--- ASSIGNED TASK ---
Where the data below begins, start retyping exactly, and end on the line with "constraint vertical L7", which is included; no picture goes in.

Stored items

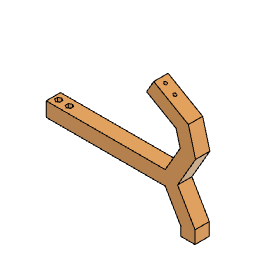
leg (Autodesk Fusion 360 design; units mm, degrees)
Autodesk Fusion 360 part; units mm, degrees
sketch "Sketch1" plane through (0, 0, 0) normal (0, 1, 0) x (1, 0, 0)
  line L0 (0, 0) -> (44.8288, 25.8819)
  line L1 (0, 0) -> (68.1027, 0) construction
  line L2 (44.8288, 25.8819) -> (52.6768, 55.1712)
  line L3 (52.6768, 55.1712) -> (26.7949, 100)
  line L4 (26.7949, 100) -> (52.6768, 144.8288)
  line L5 (26.7949, 100) -> (-145.5051, 100)
  line L6 (0, 0) -> (26.7949, 100) construction
  circle A0 centre (13.3975, 50) radius 36.6025 construction
  line L7 (52.6768, 144.8288) -> (52.6768, 160)
  dimension "d1" = 30
  dimension "d2" = 120
  dimension "d3" = 120
  dimension "d4" = 135
  dimension "d5" = 100
  dimension "d29" = 60
  dimension "d30" = 172.3
  constraint coincident L0.start L1.start
  constraint horizontal L1
  constraint horizontal L5
  constraint equal L0 L3
  constraint midpoint L6 A0.centre
  constraint tangent L0 A0
  constraint tangent L2 A0
  constraint vertical L2.end L4.end
  constraint vertical L7
  measures "d1" angle of L0 L1
  measures "d2" angle of L3 L4
  measures "d3" angle of L4 L5
  measures "d4" angle of L0 L2
  measures "d5" distance of L0.start L5
  measures "d29" distance of L5 L7.end
  measures "d30" distance of L3.end L5.end
pipe "Pipe1" add square section size 20 path "Sketch1" along L0 L2 L3 L4 L7
pipe "Pipe2" add square section size 20 path "Sketch1" along L5
sketch "Sketch2" plane through (5, 0, 8.6603) normal (0.5, 0, 0.866025) x (0, 1, 0)
  line L0 (10, 0) -> (-10, 0)
  line L1 (-10, 0) -> (-10, -55.9059)
  line L2 (-10, -55.9059) -> (10, -55.9059)
  line L3 (10, -55.9059) -> (10, 0)
  line L4 (0, 0) -> (0, -55.9059) construction
  circle A0 centre (0, -7.5) radius 2
  circle A1 centre (0, -22.5) radius 2
  line L5 (2.1362, -3.8) -> (-2.1362, -3.8)
  line L6 (-2.1362, -3.8) -> (-4.2724, -7.5)
  line L7 (-4.2724, -7.5) -> (-2.1362, -11.2)
  line L8 (-2.1362, -11.2) -> (2.1362, -11.2)
  line L9 (2.1362, -11.2) -> (4.2724, -7.5)
  line L10 (4.2724, -7.5) -> (2.1362, -3.8)
  line L11 (2.1362, -18.8) -> (-2.1362, -18.8)
  line L12 (-2.1362, -18.8) -> (-4.2724, -22.5)
  line L13 (-4.2724, -22.5) -> (-2.1362, -26.2)
  line L14 (-2.1362, -26.2) -> (2.1362, -26.2)
  line L15 (2.1362, -26.2) -> (4.2724, -22.5)
  line L16 (4.2724, -22.5) -> (2.1362, -18.8)
  point P0 (0, -7.5)
  point P1 (0, -22.5)
  dimension "d14" = 4
  dimension "d15" = 7.5
  dimension "d16" = 15
  dimension "d19" = 7.4
  constraint coincident L4.start origin
  constraint midpoint L2 L4.end
  constraint coincident L4 P0
  constraint coincident L4 P1
  constraint equal A0 A1
  constraint coincident P0 A0.centre
  constraint coincident P1 A1.centre
  constraint horizontal L5.start L5.end
  constraint horizontal L11
  constraint vertical L9.end L15.end
  measures "d14" diameter of A0
  measures "d15" distance of L4.start A0.centre
  measures "d16" distance of P0 P1
  measures "d19" distance of L5.start L8.end
extrude "Extrude1" cut sketch "Sketch2" against normal blind 35 contours A0 | A1
extrude "Extrude2" cut sketch "Sketch2" along normal blind 5 from surface at -20 contours L5 L6 L7 L8 L9 L10 | L11 L12 L13 L14 L15 L16
sketch "Sketch3" plane through (0, -10, 0) normal (0, -1, 0) x (1, 0, 0)
  line L0 (21.0214, -90) -> (-145.5051, -90)
  line L1 (-145.5051, -90) -> (-145.5051, -110)
  line L2 (-145.5051, -110) -> (21.0214, -110)
  line L3 (21.0214, -110) -> (42.6768, -147.5083)
  line L4 (42.6768, -160) -> (62.6768, -160)
  line L5 (62.6768, -142.1493) -> (38.3419, -100)
  line L6 (38.3419, -100) -> (63.4081, -56.584)
  line L7 (63.4081, -56.584) -> (53.416, -19.2927)
  line L8 (53.416, -19.2927) -> (5, 8.6603)
  line L9 (5, 8.6603) -> (-5, -8.6603)
  line L10 (-5, -8.6603) -> (36.2416, -32.4711)
  line L11 (36.2416, -32.4711) -> (41.9455, -53.7584)
  line L12 (41.9455, -53.7584) -> (21.0214, -90)
  line L13 (49.8889, -160) -> (82.45, -160)
  line L14 (82.45, -160) -> (110.5593, -200.6722)
  line L15 (110.5593, -200.6722) -> (43.8339, -200.6722)
  line L16 (43.8339, -200.6722) -> (49.8889, -160)
  line L17 (67.2094, -160) -> (67.2094, -150)
  line L18 (42.6768, -147.5083) -> (42.6768, -160)
  line L19 (62.6768, -160) -> (62.6768, -142.1493)
  dimension "d24" = 50
  dimension "d28" = 10
  constraint coincident L3 L13.start
  constraint horizontal L13
  constraint parallel L13 L15
  constraint coincident L13 L17.start
  constraint coincident L5 L17.end
  constraint perpendicular L13 L17
  measures "d24" vertical distance of L2.end L13.start
  measures "d28" distance of L17.start L17.end
sketch "Sketch4" plane through (0, 0, -90) normal (0, 0, 1) x (-1, 0, 0)
  line L0 (-21.0214, 10) -> (-21.0214, -10)
  line L1 (-21.0214, -10) -> (145.5051, -10)
  line L2 (145.5051, -10) -> (145.5051, 10)
  line L3 (145.5051, 10) -> (-21.0214, 10)
  line L4 (145.5051, 0) -> (43.2223, 0) construction
  circle A0 centre (138.0051, 0) radius 2
  circle A1 centre (123.0051, 0) radius 2
  line L5 (141.7051, -2.1362) -> (141.7051, 2.1362)
  line L6 (141.7051, 2.1362) -> (138.0051, 4.2724)
  line L7 (138.0051, 4.2724) -> (134.3051, 2.1362)
  line L8 (134.3051, 2.1362) -> (134.3051, -2.1362)
  line L9 (134.3051, -2.1362) -> (138.0051, -4.2724)
  line L10 (138.0051, -4.2724) -> (141.7051, -2.1362)
  line L11 (126.7051, -2.1362) -> (126.7051, 2.1362)
  line L12 (126.7051, 2.1362) -> (123.0051, 4.2724)
  line L13 (123.0051, 4.2724) -> (119.3051, 2.1362)
  line L14 (119.3051, 2.1362) -> (119.3051, -2.1362)
  line L15 (119.3051, -2.1362) -> (123.0051, -4.2724)
  line L16 (123.0051, -4.2724) -> (126.7051, -2.1362)
  point P0 (138.0051, 0)
  point P1 (123.0051, 0)
  dimension "d31" = 4
  dimension "d32" = 7.5
  dimension "d33" = 15
  dimension "d34" = 7.4
  constraint midpoint L2 L4.start
  constraint perpendicular L2 L4
  constraint coincident L4 P0
  constraint coincident L4 P1
  constraint equal A0 A1
  constraint coincident P0 A0.centre
  constraint coincident P1 A1.centre
  constraint vertical L5
  constraint vertical L11
  constraint horizontal L9.end L15.end
  measures "d31" diameter of A0
  measures "d32" distance of L4.start P0
  measures "d33" distance of P0 P1
  measures "d34" distance of L5 L8
extrude "Extrude4" cut sketch "Sketch4" against normal blind 50 contours A0 | A1
extrude "Extrude5" cut sketch "Sketch4" against normal blind 5 contours L5 L6 L7 L8 L9 L10 | L11 L12 L13 L14 L15 L16
equation "d19 = 7 mm + 2 * gap"
equation "gap = 0.2 mm"
equation "d34 = 7 mm + 2 * gap"
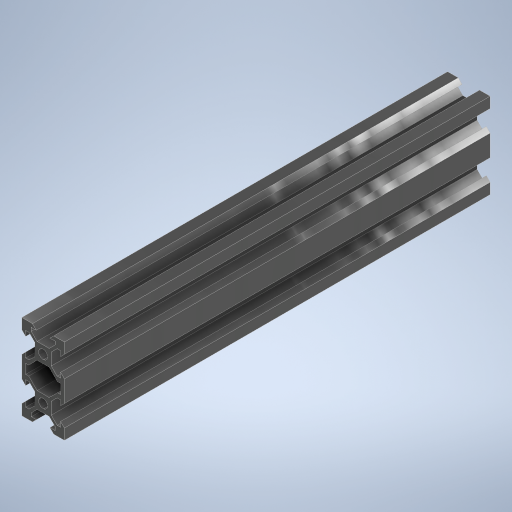
# Autodesk Inventor part: AP20x20
Saved by Autodesk Inventor 2024.2 (Build 282272000, 272)
## iProperties
Created: 2024-08-13
Part Number: AP20x20
Material: Generic
Document SubType Name: Modeling
Designer: Admin
Density: 1 g/cm^3
Appearance: Dark Gray
Author: Admin
Autodesk Inventor part; units mm, degrees
ref_plane "YZ Plane" through (0, 0, 0) normal (1, 0, 0) x (0, 1, 0)
ref_plane "XZ Plane" through (0, 0, 0) normal (0, 1, 0) x (-1, 0, 0)
ref_plane "XY Plane" through (0, 0, 0) normal (0, 0, 1) x (1, 0, 0)
sketch "Sketch1" plane through (0, 0, 0) normal (0, 0, 1) x (1, 0, 0)
  line L0 (-10, -10) -> (-5.6, -10)
  line L1 (-10, -5.6) -> (-10, -10)
  line L2 (-5.6, -10) -> (-5, -10)
  line L3 (-3.2, -8.2) -> (-5.6, -8.2)
  line L4 (-2.8351, -3.825) -> (-5.6, -6.5899)
  line L5 (-3.825, -2.8351) -> (-6.5899, -5.6)
  line L6 (0, 0) -> (0, -11) construction
  line L7 (0, 0) -> (-12, 0) construction
  line L8 (-3.2, -8.2) -> (-5, -10)
  line L9 (-6.5899, -5.6) -> (-8.2, -5.6)
  line L10 (-10, -5.6) -> (-10, -5)
  line L11 (-10, -5) -> (-8.2, -3.2)
  line L12 (-8.2, -3.2) -> (-8.2, -5.6)
  line L13 (-5.6, -8.2) -> (-5.6, -6.5899)
  arc A0 (-2.15, 0) -> (0, -2.15) centre (0, 0) ccw
  line L14 (0, 0) -> (-3.825, 0)
  line L15 (-3.825, 0) -> (-3.825, -2.8351)
  line L16 (-2.8351, -3.825) -> (0, -3.825)
  line L17 (0, -3.825) -> (0, 0)
  line L18 (-2.8351, -3.825) -> (-3.825, -3.825) construction
  line L19 (-3.825, -3.825) -> (-3.825, -2.8351) construction
  line L20 (3.825, -2.8351) -> (3.825, -3.825) construction
  line L21 (3.825, -2.8351) -> (3.825, 0)
  line L22 (3.825, -3.825) -> (2.8351, -3.825) construction
  line L23 (3.825, 0) -> (0, 0)
  line L24 (0, -3.825) -> (2.8351, -3.825)
  arc A1 (0, -2.15) -> (2.15, 0) centre (0, 0) ccw
  line L25 (0, 0) -> (0, -3.825)
  line L26 (2.8351, -3.825) -> (5.6, -6.5899)
  line L27 (0, 0) -> (0, -12) construction
  line L28 (0, 0) -> (11, 0) construction
  line L29 (3.825, -2.8351) -> (6.5899, -5.6)
  line L30 (8.2, -3.2) -> (8.2, -5.6)
  line L31 (10, -5.6) -> (10, -5)
  line L32 (8.2, -3.2) -> (10, -5)
  line L33 (8.2, -5.6) -> (6.5899, -5.6)
  line L34 (5.6, -6.5899) -> (5.6, -8.2)
  line L35 (10, -10) -> (10, -5.6)
  line L36 (5.6, -10) -> (10, -10)
  line L37 (3.2, -8.2) -> (5.6, -8.2)
  line L38 (5, -10) -> (3.2, -8.2)
  line L39 (5.6, -10) -> (5, -10)
  line L40 (2.8351, 3.825) -> (3.825, 3.825) construction
  line L41 (2.8351, 3.825) -> (0, 3.825)
  line L42 (3.825, 3.825) -> (3.825, 2.8351) construction
  line L43 (0, 3.825) -> (0, 0)
  line L44 (3.825, 0) -> (3.825, 2.8351)
  arc A2 (2.15, 0) -> (0, 2.15) centre (0, 0) ccw
  line L45 (0, 0) -> (3.825, 0)
  line L46 (3.825, 2.8351) -> (6.5899, 5.6)
  line L47 (0, 0) -> (12, 0) construction
  line L48 (0, 0) -> (0, 11) construction
  line L49 (2.8351, 3.825) -> (5.6, 6.5899)
  line L50 (3.2, 8.2) -> (5.6, 8.2)
  line L51 (5.6, 10) -> (5, 10)
  line L52 (3.2, 8.2) -> (5, 10)
  line L53 (5.6, 8.2) -> (5.6, 6.5899)
  line L54 (6.5899, 5.6) -> (8.2, 5.6)
  line L55 (10, 10) -> (5.6, 10)
  line L56 (10, 5.6) -> (10, 10)
  line L57 (8.2, 3.2) -> (8.2, 5.6)
  line L58 (10, 5) -> (8.2, 3.2)
  line L59 (10, 5.6) -> (10, 5)
  line L60 (-3.825, 2.8351) -> (-3.825, 3.825) construction
  line L61 (-3.825, 2.8351) -> (-3.825, 0)
  line L62 (-3.825, 3.825) -> (-2.8351, 3.825) construction
  line L63 (-3.825, 0) -> (0, 0)
  line L64 (0, 3.825) -> (-2.8351, 3.825)
  arc A3 (0, 2.15) -> (-2.15, 0) centre (0, 0) ccw
  line L65 (0, 0) -> (0, 3.825)
  line L66 (-2.8351, 3.825) -> (-5.6, 6.5899)
  line L67 (0, 0) -> (0, 12) construction
  line L68 (0, 0) -> (-11, 0) construction
  line L69 (-3.825, 2.8351) -> (-6.5899, 5.6)
  line L70 (-8.2, 3.2) -> (-8.2, 5.6)
  line L71 (-10, 5.6) -> (-10, 5)
  line L72 (-8.2, 3.2) -> (-10, 5)
  line L73 (-8.2, 5.6) -> (-6.5899, 5.6)
  line L74 (-5.6, 6.5899) -> (-5.6, 8.2)
  line L75 (-10, 10) -> (-10, 5.6)
  line L76 (-5.6, 10) -> (-10, 10)
  line L77 (-3.2, 8.2) -> (-5.6, 8.2)
  line L78 (-5, 10) -> (-3.2, 8.2)
  line L79 (-5.6, 10) -> (-5, 10)
  point P0 (0, 2.15)
  point P1 (2.15, 0)
  point P2 (0, -2.15)
  dimension "d16" = 10
  dimension "d19" = 3.2
  dimension "d21" = 4.4
  dimension "d22" = 4.4
  dimension "d24" = 45
  dimension "d25" = 1.8
  dimension "d27" = 1.8
  dimension "d28" = 45
  dimension "d29" = 3.2
  dimension "d31" = 1.4
  dimension "d33" = 2.15
  dimension "d34" = 3.825
  dimension "d35" = 3.825
  dimension "d36" = 135
  dimension "d39" = 360
  constraints: 160 end point, 10 coincident, 8 point on circle, 8 point on line, 6 horizontal, 4 centre point, 3 parallel, 3 vertical, 2 perpendicular, 179 other
  measures "d16" distance between parallel lines of L6 L1
  measures "d19" distance from line of L6 L3.start
  measures "d21" distance of L0.start L0.end
  measures "d22" distance of L1.start L0.start
  measures "d24" angle of L8 L3
  measures "d25" distance between parallel lines of L2 L3
  measures "d27" distance between parallel lines of L10 L12
  measures "d28" angle of L12 L11
  measures "d29" distance from line of L11.end L7
  measures "d31" distance between parallel lines of L5 L4
  measures "d33" radius of A0
  measures "d34" distance of L16.end L18.end
  measures "d35" distance of L18.end L14.end
  measures "d36" angle of L16 L4
extrude "Extrusion1" add sketch "Sketch1" along normal blind 200 contours L1 L10 L11 L12 L9 L5 L15 L14 A0 L17 L16 L4 L13 L3 L8 L2 L0 | L17 A1 L23 L21 L29 L33 L30 L32 L31 L35 L36 L39 L38 L37 L34 L26 L24 | L61 L69 L73 L70 L72 L71 L75 L76 L79 L78 L77 L74 L66 L64 L43 A3 L14 | A2 L43 L41 L49 L53 L50 L52 L51 L55 L56 L59 L58 L57 L54 L46 L44 L23
pattern_linear "Rectangular Pattern1" count 2 spacing 20 along (0, -1, 0) of "Extrusion1"
sketch "Sketch2" plane through (0, 0, 200) normal (0, 0, 1) x (1, 0, 0)
  line L0 (3.2, -8.2) -> (5, -10) projected
  line L1 (-3.2, -11.8) -> (-5, -10) projected
  line L2 (5, -10) -> (-5, -10) construction
  line L3 (-8.2, -12.25) -> (8.2, -12.25)
  line L4 (8.2, -12.25) -> (8.2, -7.75)
  line L5 (8.2, -7.75) -> (-8.2, -7.75)
  line L6 (-8.2, -7.75) -> (-8.2, -12.25)
  line L7 (-8.2, -12.25) -> (8.2, -7.75) construction
  line L8 (8.2, -12.25) -> (-8.2, -7.75) construction
  line L9 (10, -15) -> (10, -5) projected
  line L10 (5.6, -6.5899) -> (5.6, -8.2) projected
  line L11 (5.6, -6.5899) -> (6.7601, -7.75)
  line L12 (-5.6, -6.5899) -> (-2.8351, -3.825) projected
  line L13 (-5.6, -6.5899) -> (-6.7601, -7.75)
  line L14 (5.6, -13.4101) -> (6.7601, -12.25)
  line L15 (-5.6, -13.4101) -> (-6.7601, -12.25)
  line L16 (-5.6, -6.5899) -> (-5.6, -7.75)
  line L17 (-5.6, -8.2) -> (-5.6, -6.5899) projected
  line L18 (5.6, -6.5899) -> (5.6, -7.75)
  line L19 (-5.6, -11.8) -> (-5.6, -13.4101)
  line L20 (5.6, -13.4101) -> (5.6, -12.25)
  point P0 (0, 0)
  point P1 (0, -10)
  point P2 (-5.6, -12.25)
  dimension "d46" = 4.5
  dimension "d50" = 1.8
  constraints: 30 end point, 6 point on line, 6 symmetric about line, 3 midpoint, 2 horizontal, 2 parallel, 1 collinear, 1 perpendicular
  measures "d46" distance of L3.end L4.end
  measures "d50" distance between parallel lines of L4 L9
extrude "Extrusion2" cut sketch "Sketch2" against normal through all
body "Solid1"

--- EXERCISE RESPONSE ---
leg (Autodesk Fusion 360 design; units mm, degrees)
Autodesk Fusion 360 part; units mm, degrees
sketch "Sketch1" plane through (0, 0, 0) normal (0, 1, 0) x (1, 0, 0)
  line L0 (0, 0) -> (44.8288, 25.8819)
  line L1 (0, 0) -> (68.1027, 0) construction
  line L2 (44.8288, 25.8819) -> (52.6768, 55.1712)
  line L3 (52.6768, 55.1712) -> (26.7949, 100)
  line L4 (26.7949, 100) -> (52.6768, 144.8288)
  line L5 (26.7949, 100) -> (-145.5051, 100)
  line L6 (0, 0) -> (26.7949, 100) construction
  circle A0 centre (13.3975, 50) radius 36.6025 construction
  line L7 (52.6768, 144.8288) -> (52.6768, 160)
  dimension "d1" = 30
  dimension "d2" = 120
  dimension "d3" = 120
  dimension "d4" = 135
  dimension "d5" = 100
  dimension "d29" = 60
  dimension "d30" = 172.3
  constraint coincident L0.start L1.start
  constraint horizontal L1
  constraint horizontal L5
  constraint equal L0 L3
  constraint midpoint L6 A0.centre
  constraint tangent L0 A0
  constraint tangent L2 A0
  constraint vertical L2.end L4.end
  constraint vertical L7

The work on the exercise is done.